2) I wouldn't ban non-government-guaranteed loans to students, provided they are willing to do so at non-usurious interest rates. I doubt many commercial banks would offer loans unless the parents put up collateral, but non-profits would likely do so. If memory serves, Benjamin Franklin provided for student loans in his will. Such altruism should not be prohibited.
3) Students who don't maintain the best grades may lose their scholarships but they should not be kicked out of their programs unless they are actually flunking. A student whose family couldn't afford to send him to engineering school for four years may be able to pay for his final year if his grades slip below "excellent" after 3 years. The number of students who are expected to "stay in the program on their own dime" would be baked into the "freshman class size" calculation above.
Any such system would also have to factor in things like:
* People change careers in mid-life, so the number of people you expect to need in any given field 4, 6, or 10 years from now may change in ways you can't predict today.
* Industries change, which also messes up future-need predictions.
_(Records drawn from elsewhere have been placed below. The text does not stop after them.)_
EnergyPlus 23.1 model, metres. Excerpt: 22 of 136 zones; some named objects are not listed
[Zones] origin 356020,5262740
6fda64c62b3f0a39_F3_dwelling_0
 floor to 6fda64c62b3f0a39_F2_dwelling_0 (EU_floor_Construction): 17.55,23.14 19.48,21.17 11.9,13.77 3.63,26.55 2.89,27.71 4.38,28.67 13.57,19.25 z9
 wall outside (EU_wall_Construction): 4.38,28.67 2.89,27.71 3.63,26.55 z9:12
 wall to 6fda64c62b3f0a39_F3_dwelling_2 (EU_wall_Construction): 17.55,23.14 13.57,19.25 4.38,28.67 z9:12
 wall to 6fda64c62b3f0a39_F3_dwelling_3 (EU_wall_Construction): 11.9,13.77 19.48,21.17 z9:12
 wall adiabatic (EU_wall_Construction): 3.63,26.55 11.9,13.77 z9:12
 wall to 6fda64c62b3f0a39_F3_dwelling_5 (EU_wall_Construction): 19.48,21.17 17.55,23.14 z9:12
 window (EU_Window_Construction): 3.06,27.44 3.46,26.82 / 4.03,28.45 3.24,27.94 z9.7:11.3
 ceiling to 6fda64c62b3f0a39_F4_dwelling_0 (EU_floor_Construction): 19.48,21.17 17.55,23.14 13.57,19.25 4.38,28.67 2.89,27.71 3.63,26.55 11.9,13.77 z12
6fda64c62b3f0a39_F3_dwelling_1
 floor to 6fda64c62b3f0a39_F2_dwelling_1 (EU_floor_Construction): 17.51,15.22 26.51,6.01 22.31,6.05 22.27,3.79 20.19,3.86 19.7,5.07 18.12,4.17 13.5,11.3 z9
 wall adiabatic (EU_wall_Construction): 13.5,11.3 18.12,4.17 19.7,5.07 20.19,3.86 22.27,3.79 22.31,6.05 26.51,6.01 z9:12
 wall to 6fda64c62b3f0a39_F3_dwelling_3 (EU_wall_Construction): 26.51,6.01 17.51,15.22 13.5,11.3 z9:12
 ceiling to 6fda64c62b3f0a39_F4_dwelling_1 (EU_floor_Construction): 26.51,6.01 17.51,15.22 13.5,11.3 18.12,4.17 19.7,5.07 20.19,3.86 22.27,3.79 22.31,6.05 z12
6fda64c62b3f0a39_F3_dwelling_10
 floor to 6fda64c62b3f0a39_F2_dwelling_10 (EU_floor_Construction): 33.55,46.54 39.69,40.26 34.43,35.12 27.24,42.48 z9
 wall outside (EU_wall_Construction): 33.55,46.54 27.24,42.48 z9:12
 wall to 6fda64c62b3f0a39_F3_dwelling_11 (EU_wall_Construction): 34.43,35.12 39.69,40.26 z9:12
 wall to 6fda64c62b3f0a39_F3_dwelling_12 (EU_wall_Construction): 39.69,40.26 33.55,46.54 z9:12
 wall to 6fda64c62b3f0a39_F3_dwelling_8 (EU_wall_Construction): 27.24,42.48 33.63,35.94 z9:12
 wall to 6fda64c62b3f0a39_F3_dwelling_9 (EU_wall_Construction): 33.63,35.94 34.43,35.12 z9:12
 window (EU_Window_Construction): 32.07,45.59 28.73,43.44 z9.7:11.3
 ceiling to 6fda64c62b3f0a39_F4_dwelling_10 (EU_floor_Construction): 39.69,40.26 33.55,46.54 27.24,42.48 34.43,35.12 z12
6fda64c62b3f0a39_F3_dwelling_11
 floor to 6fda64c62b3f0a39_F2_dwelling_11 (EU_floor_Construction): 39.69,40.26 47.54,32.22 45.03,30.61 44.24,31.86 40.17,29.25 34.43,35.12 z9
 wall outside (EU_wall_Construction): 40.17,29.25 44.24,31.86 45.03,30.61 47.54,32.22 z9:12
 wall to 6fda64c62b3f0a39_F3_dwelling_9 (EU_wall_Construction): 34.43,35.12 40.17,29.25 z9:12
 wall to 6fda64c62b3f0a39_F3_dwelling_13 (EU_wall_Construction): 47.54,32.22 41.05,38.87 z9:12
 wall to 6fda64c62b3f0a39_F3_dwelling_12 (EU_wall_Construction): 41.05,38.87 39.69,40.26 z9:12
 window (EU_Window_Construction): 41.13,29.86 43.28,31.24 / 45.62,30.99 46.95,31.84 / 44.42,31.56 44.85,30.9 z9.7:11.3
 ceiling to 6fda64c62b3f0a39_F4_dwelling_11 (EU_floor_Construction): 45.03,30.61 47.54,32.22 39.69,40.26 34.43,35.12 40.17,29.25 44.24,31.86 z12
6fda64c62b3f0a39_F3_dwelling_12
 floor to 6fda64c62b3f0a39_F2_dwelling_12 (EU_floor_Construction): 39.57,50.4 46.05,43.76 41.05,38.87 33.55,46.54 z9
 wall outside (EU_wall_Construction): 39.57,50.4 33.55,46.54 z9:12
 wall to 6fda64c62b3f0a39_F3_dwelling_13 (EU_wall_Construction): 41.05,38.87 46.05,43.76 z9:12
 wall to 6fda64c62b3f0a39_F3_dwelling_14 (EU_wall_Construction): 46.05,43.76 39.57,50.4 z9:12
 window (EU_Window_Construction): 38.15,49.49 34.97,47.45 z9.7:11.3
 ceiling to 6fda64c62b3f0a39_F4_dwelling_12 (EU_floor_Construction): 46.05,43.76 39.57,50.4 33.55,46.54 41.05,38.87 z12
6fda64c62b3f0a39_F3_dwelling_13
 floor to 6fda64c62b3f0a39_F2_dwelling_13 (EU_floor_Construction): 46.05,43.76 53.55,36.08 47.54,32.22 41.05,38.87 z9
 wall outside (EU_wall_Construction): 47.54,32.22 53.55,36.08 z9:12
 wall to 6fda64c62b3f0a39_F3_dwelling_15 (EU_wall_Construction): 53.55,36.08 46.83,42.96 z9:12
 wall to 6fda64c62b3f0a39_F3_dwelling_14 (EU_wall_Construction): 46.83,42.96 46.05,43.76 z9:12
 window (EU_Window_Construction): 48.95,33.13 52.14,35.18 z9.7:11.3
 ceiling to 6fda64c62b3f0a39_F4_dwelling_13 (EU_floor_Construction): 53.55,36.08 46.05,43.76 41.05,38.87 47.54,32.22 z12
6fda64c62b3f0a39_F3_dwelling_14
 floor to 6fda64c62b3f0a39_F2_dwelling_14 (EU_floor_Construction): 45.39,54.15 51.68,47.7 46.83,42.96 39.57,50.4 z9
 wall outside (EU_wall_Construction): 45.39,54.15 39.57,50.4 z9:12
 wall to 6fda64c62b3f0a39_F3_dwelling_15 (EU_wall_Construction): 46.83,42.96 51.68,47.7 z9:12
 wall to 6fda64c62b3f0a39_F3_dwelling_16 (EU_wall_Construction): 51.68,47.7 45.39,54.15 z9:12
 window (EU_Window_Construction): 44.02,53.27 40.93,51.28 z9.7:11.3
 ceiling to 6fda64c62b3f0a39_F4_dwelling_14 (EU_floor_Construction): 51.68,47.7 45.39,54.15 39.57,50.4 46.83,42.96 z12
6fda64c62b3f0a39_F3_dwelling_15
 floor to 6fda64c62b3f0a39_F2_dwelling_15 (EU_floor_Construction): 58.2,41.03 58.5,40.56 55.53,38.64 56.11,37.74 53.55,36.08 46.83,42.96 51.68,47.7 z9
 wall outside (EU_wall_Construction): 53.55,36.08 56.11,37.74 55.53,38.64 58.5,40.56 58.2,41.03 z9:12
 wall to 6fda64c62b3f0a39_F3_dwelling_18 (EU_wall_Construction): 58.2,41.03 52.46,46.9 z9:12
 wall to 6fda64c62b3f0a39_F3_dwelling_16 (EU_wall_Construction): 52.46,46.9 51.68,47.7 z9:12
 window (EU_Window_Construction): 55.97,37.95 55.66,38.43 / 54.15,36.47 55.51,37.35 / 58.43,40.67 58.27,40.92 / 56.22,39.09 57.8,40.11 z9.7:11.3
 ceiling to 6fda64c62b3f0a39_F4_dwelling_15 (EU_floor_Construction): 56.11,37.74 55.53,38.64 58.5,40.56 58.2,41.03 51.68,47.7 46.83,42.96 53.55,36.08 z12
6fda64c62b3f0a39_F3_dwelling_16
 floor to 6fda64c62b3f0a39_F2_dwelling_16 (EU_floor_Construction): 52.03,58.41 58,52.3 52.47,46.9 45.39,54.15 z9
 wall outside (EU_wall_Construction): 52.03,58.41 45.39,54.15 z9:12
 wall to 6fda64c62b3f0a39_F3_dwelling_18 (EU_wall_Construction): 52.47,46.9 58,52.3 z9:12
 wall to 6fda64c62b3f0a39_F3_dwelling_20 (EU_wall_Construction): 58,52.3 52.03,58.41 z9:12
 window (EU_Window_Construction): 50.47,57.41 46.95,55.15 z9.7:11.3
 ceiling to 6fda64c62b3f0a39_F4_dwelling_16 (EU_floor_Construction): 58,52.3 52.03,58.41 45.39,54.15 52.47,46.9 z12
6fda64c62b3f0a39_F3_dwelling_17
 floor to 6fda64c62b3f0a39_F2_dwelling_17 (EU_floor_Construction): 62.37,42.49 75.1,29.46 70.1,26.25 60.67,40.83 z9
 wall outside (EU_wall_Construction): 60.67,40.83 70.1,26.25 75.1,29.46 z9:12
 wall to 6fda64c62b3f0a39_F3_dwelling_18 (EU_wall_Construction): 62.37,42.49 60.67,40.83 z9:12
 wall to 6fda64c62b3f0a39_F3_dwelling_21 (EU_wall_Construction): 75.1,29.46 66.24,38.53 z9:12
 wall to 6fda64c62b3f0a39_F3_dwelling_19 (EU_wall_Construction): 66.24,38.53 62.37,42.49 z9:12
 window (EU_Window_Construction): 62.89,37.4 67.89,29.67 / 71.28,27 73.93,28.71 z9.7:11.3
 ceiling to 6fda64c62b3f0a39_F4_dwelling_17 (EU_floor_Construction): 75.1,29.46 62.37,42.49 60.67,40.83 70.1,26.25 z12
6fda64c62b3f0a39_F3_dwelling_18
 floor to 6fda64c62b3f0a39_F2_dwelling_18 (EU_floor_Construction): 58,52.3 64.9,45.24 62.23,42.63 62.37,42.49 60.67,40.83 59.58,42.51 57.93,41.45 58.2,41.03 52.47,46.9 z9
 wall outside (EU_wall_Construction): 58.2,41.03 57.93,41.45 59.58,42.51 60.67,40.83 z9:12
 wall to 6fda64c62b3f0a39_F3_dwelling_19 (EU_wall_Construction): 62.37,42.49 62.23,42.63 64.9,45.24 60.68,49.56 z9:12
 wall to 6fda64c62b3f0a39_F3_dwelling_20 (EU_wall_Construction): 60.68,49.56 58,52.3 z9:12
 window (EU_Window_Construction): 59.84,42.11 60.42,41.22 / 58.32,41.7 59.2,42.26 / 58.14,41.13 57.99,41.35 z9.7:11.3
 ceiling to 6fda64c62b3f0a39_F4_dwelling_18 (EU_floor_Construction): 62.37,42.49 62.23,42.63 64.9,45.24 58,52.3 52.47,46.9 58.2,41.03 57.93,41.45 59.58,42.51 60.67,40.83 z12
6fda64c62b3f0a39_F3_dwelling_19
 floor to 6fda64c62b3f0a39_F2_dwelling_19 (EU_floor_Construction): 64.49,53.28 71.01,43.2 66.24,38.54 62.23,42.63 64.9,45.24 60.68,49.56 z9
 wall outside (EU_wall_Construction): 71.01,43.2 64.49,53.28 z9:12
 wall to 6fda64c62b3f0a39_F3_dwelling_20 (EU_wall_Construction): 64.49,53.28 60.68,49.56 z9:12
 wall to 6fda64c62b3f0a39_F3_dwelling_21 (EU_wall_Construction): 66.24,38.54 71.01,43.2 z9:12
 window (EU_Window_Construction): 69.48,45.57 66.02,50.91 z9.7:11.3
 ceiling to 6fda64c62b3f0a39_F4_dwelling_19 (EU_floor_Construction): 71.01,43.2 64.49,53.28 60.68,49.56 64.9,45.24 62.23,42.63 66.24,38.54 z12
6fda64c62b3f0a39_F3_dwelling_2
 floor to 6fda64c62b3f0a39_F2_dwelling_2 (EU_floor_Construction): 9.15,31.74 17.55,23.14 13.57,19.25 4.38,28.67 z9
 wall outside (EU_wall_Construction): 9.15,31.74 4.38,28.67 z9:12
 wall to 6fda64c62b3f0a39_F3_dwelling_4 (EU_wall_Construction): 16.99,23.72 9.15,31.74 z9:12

* People trained in one area can, upon graduation, choose a related field with relatively little additional training. This can leave graduates who are trained in the desired field competing with others who graduated in related fields. It can also leave some fields under-served if their trainees "jump ship" and want to work in a different field.
Knowledge is how to play a game, intelligence is how to win, wisdom is knowing what game to play.
Get a Freon education courtesy of Willis Carrier???
Knowledge is how to play a game, intelligence is how to win, wisdom is knowing what game to play.
They have $5.5 Billion, assume no interest income, a student costs $60K a year for 4 years to get a Bachelor's degree. Simple math states $60K*4 years* 4000 undergrads. That comes to a whopping $9.6 Billion cost. You can't count on interest income off that 5.5 bil because interest will go to zip when the market craps out like every democrat says. So, after 3 years were back to tax payers funding the students for free. Classic Socialism at its finest failure mode. I hope their idea works but it just so happens the guy typing this paid his own tuition.
Life is in a state of dynamic equilibrium, it both blows and sucks
This is probably the first positive bit of news I've read about university policies in many years. This makes me happy, I hope more educational instutitions follow suit.